• Sonuç bulunamadı

2.3 Enver Hoca’nın İktidara Gelişi ve İkinci Dünya Savaşı Sonrası Ülkedeki Gelişmeler

8 Eylül 1943’te İtalya’nın müttefiklere teslim olmasıyla, ülkede İtalyanların yerini Alman işgal kuvvetleri almıştır. Bu gelişen yeni durum karşısında, partizanlar genel seferberlik ve Arnavut halka ayaklanma çağrısında bulunmuşlardır. Aynı zamanda komünist liderler de Balli hareketini kırma kararı almışlardır. Partizan kuvvetlerinin Balli birliklerine saldırmasının hemen ardından iç savaşın alevleri güney Arnavutluk’a yayılmaya başlamıştır. Balli Kombetar bu saldırılarla kendi kuvvetleriyle başa çıkamayacağından Almanlardan destek almıştır. 1943-44 kışı, Balli kuvvetleri Almanlarla sıkı işbirliği içinde Ulusal Özgürlük Cephesini tamamen yok etmek amacıyla partizanlara saldırı düzenlemişlerdir. Bu saldırılar sonucunda Partizanlardan da birçok kayıp verilmiştir.

Enver Hoca’nın da içinde bulunduğu partizan ordusu Aralık 1943’te düşman birlikleri tarafından kuşatılmış, bu kuşatma 1944 Mart’a kadar kırılamamıştır. Yine de Balli saldırıları başarısız olmuştur. Balli liderleri askeri olarak Almanlardan yararlansalar da, siyasi cephede partizanlar, Balli’nin Nazilerle olan işbirliği dolayısıyla Arnavut halkının desteğini almışlardır. 1944 Haziran’da Alman ve Balli birlikleri partizanlara karşı son saldırı çabalarını gerçekleştirmiş, ancak başarılı olamamışlardır. 14 Haziran 1944’te Hoca’nın emrinde Arnavutluk Ulusal Özgürlük Ordusu Alman işgalcilere ve Balli Kombetar’a karşı atakta bulunmuş ve Kasım

120 Ali Özkan, a.g.e,, s. 2061. 121 Sokol Brahaj, a.g.e., s.16.

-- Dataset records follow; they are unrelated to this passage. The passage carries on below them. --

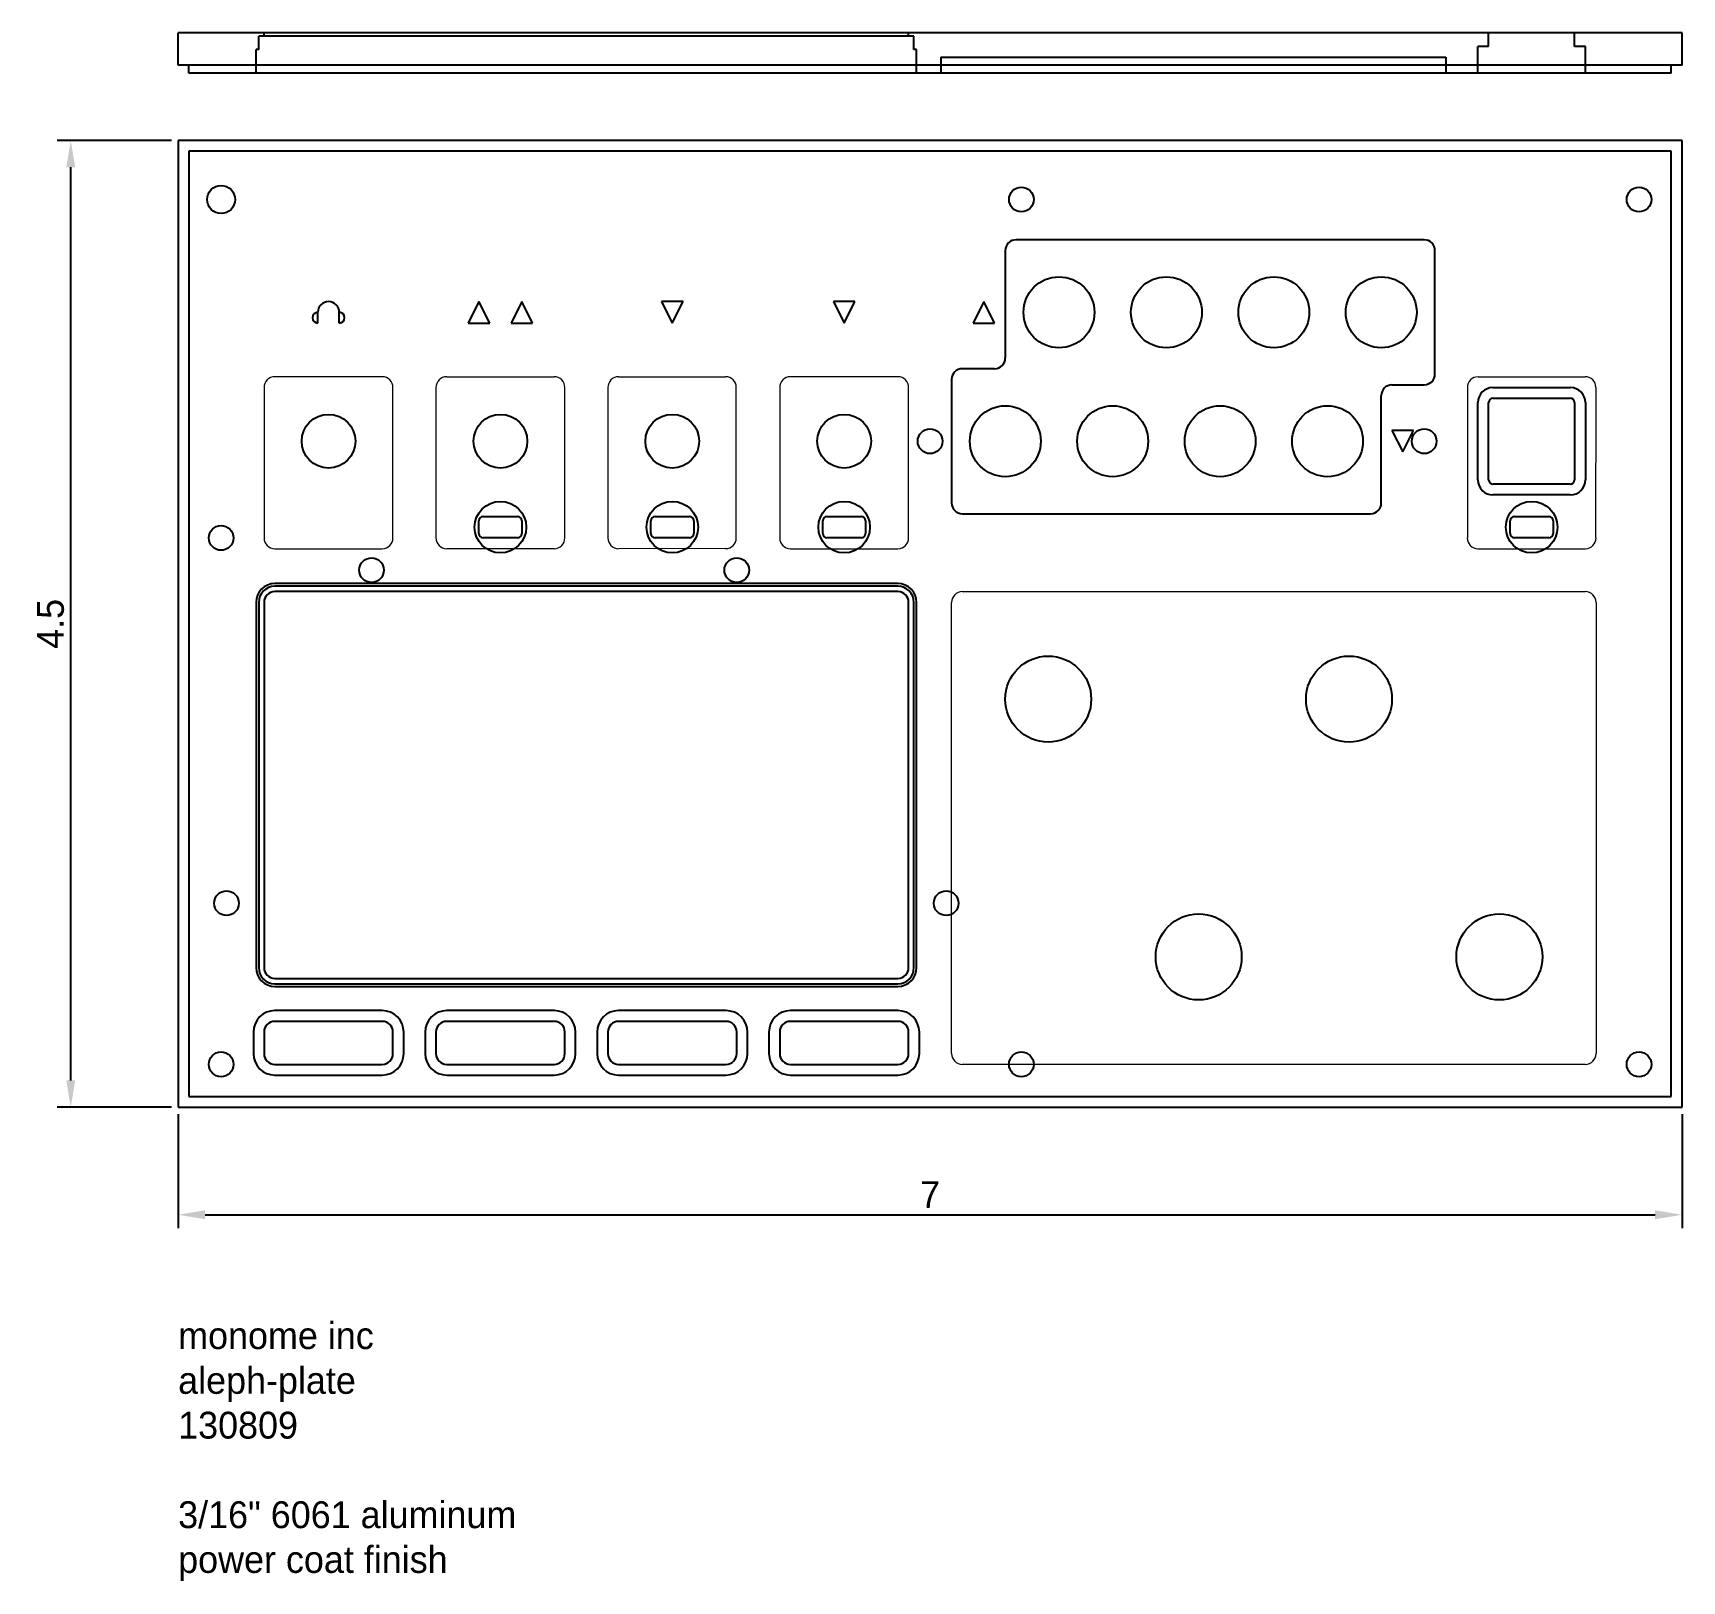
# Model space of a CAD drawing. Header units: inches. Extents: x -0.68 to 7, y -2.2 to 5.
import ezdxf

# ---------------------------------------------------------------- set-up
doc = ezdxf.new("R2010")
doc.units = ezdxf.units.IN
doc.header["$MEASUREMENT"] = 0
doc.linetypes.add('DASHED', pattern=[18, 12, -6])
doc.layers.get('Defpoints').update_dxf_attribs({"true_color": 0xffffff})
for name, color, linetype, lineweight, true_color in [('_dim', 178, 'Continuous', 25, 0x000000), ('blind-thread-under-4-40', 178, 'Continuous', 25, 0x000000), ('cut-through', 178, 'Continuous', 25, 0x000000), ('cut-under-0.015', 178, 'Continuous', 25, 0x000000), ('cut-under-0.0625', 178, 'Continuous', 25, 0x000000), ('cut-under-0.0775', 178, 'Continuous', 25, 0x000000), ('cut-under-0.1125', 178, 'Continuous', 25, 0x000000), ('etch', 178, 'Continuous', 0, 0x000000), ('icon', 178, 'Continuous', 25, 0x000000), ('perimeter-lip-0.15', 178, 'DASHED', 25, 0x000000), ('ref-side-view', 178, 'Continuous', 25, 0x000000)]:
    doc.layers.add(name, color=color, linetype=linetype, lineweight=lineweight, true_color=true_color)
doc.styles.add('textstyle0', font='')
doc.styles.get('textstyle0').set_extended_font_data('Arial')
doc.dimstyles.new('QCADDimStyle', dxfattribs={"dimtxt": 0.125, "dimasz": 0.125, "dimexe": 0.0625, "dimexo": 0.03125, "dimgap": 0.03125, "dimtad": 1, "dimtoh": 1, "dimdec": 4, "dimzin": 0, "dimdsep": 46, "dimtxsty": 'Standard', "dimcen": 0.09, "dimadec": 0, "dimazin": 0, "dimtfac": 1, "dimtdec": 4, "dimtofl": 0, "dimtmove": 0, "dimatfit": 3, "dimfxl": 1, "dimtolj": 1, "dimtzin": 0, "dimarcsym": 0})

# ---------------------------------------------------------------- blocks, each defined once
blk = doc.blocks.new('*D1')
at = {"layer": '_dim', "color": 0, "lineweight": -2}
for p, q in [((-0.0312, 4.5), (-0.5625, 4.5)), ((-0.5, 0.125), (-0.5, 4.375)), ((-0.0312, 0), (-0.5625, 0))]:
    blk.add_line(p, q, dxfattribs=at)
at = {"layer": '_dim', "color": 0}
for points in [[(-0.4792, 4.375), (-0.5208, 4.375), (-0.5, 4.5)], [(-0.5208, 0.125), (-0.4792, 0.125), (-0.5, 0)]]:
    blk.add_solid(points, dxfattribs=at)
at = {"layer": 'Defpoints', "color": 0}
for p in [(-0.5, 4.5), (0, 4.5), (0, 0)]:
    blk.add_point(p, dxfattribs=at)
at = {"layer": '_dim', "color": 0, "insert": (-0.5938, 2.25), "char_height": 0.125, "attachment_point": 5, "rotation": 90}
blk.add_mtext('\\A1;4.5', dxfattribs=at)
blk = doc.blocks.new('*D2')
at = {"layer": '_dim', "color": 0, "lineweight": -2}
for p, q in [((0, -0.0312), (0, -0.5625)), ((7, -0.0312), (7, -0.5625)), ((0.125, -0.5), (6.875, -0.5))]:
    blk.add_line(p, q, dxfattribs=at)
at = {"layer": '_dim', "color": 0}
for points in [[(0.125, -0.4792), (0.125, -0.5208), (0, -0.5)], [(6.875, -0.5208), (6.875, -0.4792), (7, -0.5)]]:
    blk.add_solid(points, dxfattribs=at)
at = {"layer": 'Defpoints', "color": 0}
for p in [(0, 0), (7, 0), (7, -0.5)]:
    blk.add_point(p, dxfattribs=at)
at = {"layer": '_dim', "color": 0, "insert": (3.5, -0.4062), "char_height": 0.125, "attachment_point": 5}
blk.add_mtext('\\A1;7', dxfattribs=at)

msp = doc.modelspace()

# ---------------------------------------------------------------- linework, layer by layer
at = {"layer": 'blind-thread-under-4-40'}
for centre, radius in [((0.2, 4.225), 0.065), ((3.925, 4.225), 0.0575), ((6.8, 4.225), 0.0575), ((3.5, 3.1), 0.0575), ((5.8, 3.1), 0.0575), ((0.2, 2.65), 0.0575), ((0.9, 2.5), 0.0575), ((2.6, 2.5), 0.0575), ((0.225, 0.95), 0.0575), ((3.575, 0.95), 0.0575), ((0.2, 0.2), 0.0575), ((3.925, 0.2), 0.0575), ((6.8, 0.2), 0.0575)]:
    msp.add_circle(centre, radius, dxfattribs=at)
at = {"layer": 'cut-through'}
for p, q in [((0, 4.5), (0, 0)), ((7, 4.5), (0, 4.5)), ((7, 0), (7, 4.5)), ((6.1, 2.92), (6.1, 3.28)), ((6.12, 3.3), (6.48, 3.3)), ((6.5, 3.28), (6.5, 2.92)), ((6.48, 2.9), (6.12, 2.9)), ((1.4, 2.67), (1.4, 2.73)), ((1.42, 2.75), (1.58, 2.75)), ((1.6, 2.73), (1.6, 2.67)), ((2.2, 2.67), (2.2, 2.73)), ((2.22, 2.75), (2.38, 2.75)), ((2.4, 2.73), (2.4, 2.67)), ((3, 2.67), (3, 2.73)), ((3.02, 2.75), (3.18, 2.75)), ((3.2, 2.73), (3.2, 2.67)), ((6.2, 2.67), (6.2, 2.73)), ((6.22, 2.75), (6.38, 2.75)), ((6.4, 2.73), (6.4, 2.67)), ((1.58, 2.65), (1.42, 2.65)), ((2.38, 2.65), (2.22, 2.65)), ((3.18, 2.65), (3.02, 2.65)), ((6.38, 2.65), (6.22, 2.65)), ((3.35, 2.4), (0.45, 2.4)), ((0.4, 2.35), (0.4, 0.65)), ((3.4, 0.65), (3.4, 2.35)), ((0.45, 0.6), (3.35, 0.6)), ((0.95, 0.4), (0.45, 0.4)), ((1.75, 0.4), (1.25, 0.4)), ((2.55, 0.4), (2.05, 0.4)), ((3.35, 0.4), (2.85, 0.4)), ((0.4, 0.35), (0.4, 0.25)), ((1, 0.25), (1, 0.35)), ((1.2, 0.35), (1.2, 0.25)), ((1.8, 0.25), (1.8, 0.35)), ((2, 0.35), (2, 0.25)), ((2.6, 0.25), (2.6, 0.35)), ((2.8, 0.35), (2.8, 0.25)), ((3.4, 0.25), (3.4, 0.35)), ((0.45, 0.2), (0.95, 0.2)), ((1.25, 0.2), (1.75, 0.2)), ((2.05, 0.2), (2.55, 0.2)), ((2.85, 0.2), (3.35, 0.2)), ((0, 0), (7, 0))]:
    msp.add_line(p, q, dxfattribs=at)
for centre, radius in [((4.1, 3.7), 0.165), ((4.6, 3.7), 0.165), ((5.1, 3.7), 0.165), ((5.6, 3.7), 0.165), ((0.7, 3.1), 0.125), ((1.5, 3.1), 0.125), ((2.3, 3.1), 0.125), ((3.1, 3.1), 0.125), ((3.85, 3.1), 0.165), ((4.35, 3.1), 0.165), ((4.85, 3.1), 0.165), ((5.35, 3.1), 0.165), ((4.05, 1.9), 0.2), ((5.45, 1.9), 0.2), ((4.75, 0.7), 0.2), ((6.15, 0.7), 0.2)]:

1944’te Balli liderleri Arnavutluk’tan kaçmışlardır. Bu arada Abbas Kupi Ulusal Özgürlük Cephesi genel konseyinden istifa etmiş ve Eylül 1943’te komünistlere karşı Legaliteti adında yeni bir örgüt kurmuştur. Partizanlarla yolu Hocanın Mukaj antlaşmasını kaldırmasından sonra ayrılan Kupi, Ulusal Özgürlük Cephesi’nden ihracı sonrası komünistler tarafından İngilizlerin Arnavutluk’taki Zogo rejimini restore etmekte kullanılan maşası olarak suçlanmıştır. 26 Haziran 1944’te Hocanın emriyle Legaliteti ile mücadele başlamış ve komünistler iç savaşı takiben bir yıl içinde bütün düşmanlarını yok etmişlerdir. 1944 Eylül’de Alman işgal güçleri Arnavutluk’tan çekilmeye başlamış, 29 Kasım’da son Alman birlikleri de ülkeden çekilince Arnavutluk, faşist güçlerden ve iç reaksiyondan kurtularak bağımsızlığını ilan etmiştir.122

22 Ekim 1944’te Demokratik Arnavutluk Hükümeti kurulmuş ancak tanınması gecikmiştir. Arnavutluk, San Francisco Konferansı’na temsilci gönderememiştir. Arnavutluk’un kurtuluşuyla birlikte İngiliz ve Amerikalı misyonların amacının politik müdahaleleri örgütlemek, UNRRA (Birleşmiş Milletler Yardım ve Rehabilitasyon İdaresi) aracılığıyla ekonomik müdahalede bulunmak ve ülkenin yeniden imarını sabote etmek olduğuna inanılmaktaydı. 28 Kasım’da hükümet Tiran’a girdi, 29 Kasım’da İşkodra’nın kurtarılması, bugün Arnavutluk’un tamamen kurtuluşunu simgelemektedir. Arnavut halkının savaşı, Nazi-faşist işgalcileri büyük can ve mal kaybına uğratmış, Arnavutluk da on binlerce şehit vermiştir.

Beş yıl süren savaştan çıkan Arnavutluk halkı ve demokratik hükümete, önceki reaksiyoner rejimler ve Nazi faşist işgalci güçlerden kalan miras büyük ekonomik sıkıntı, mahvolan tarım ve hayvancılık, ticaret ve açlık olmuştur.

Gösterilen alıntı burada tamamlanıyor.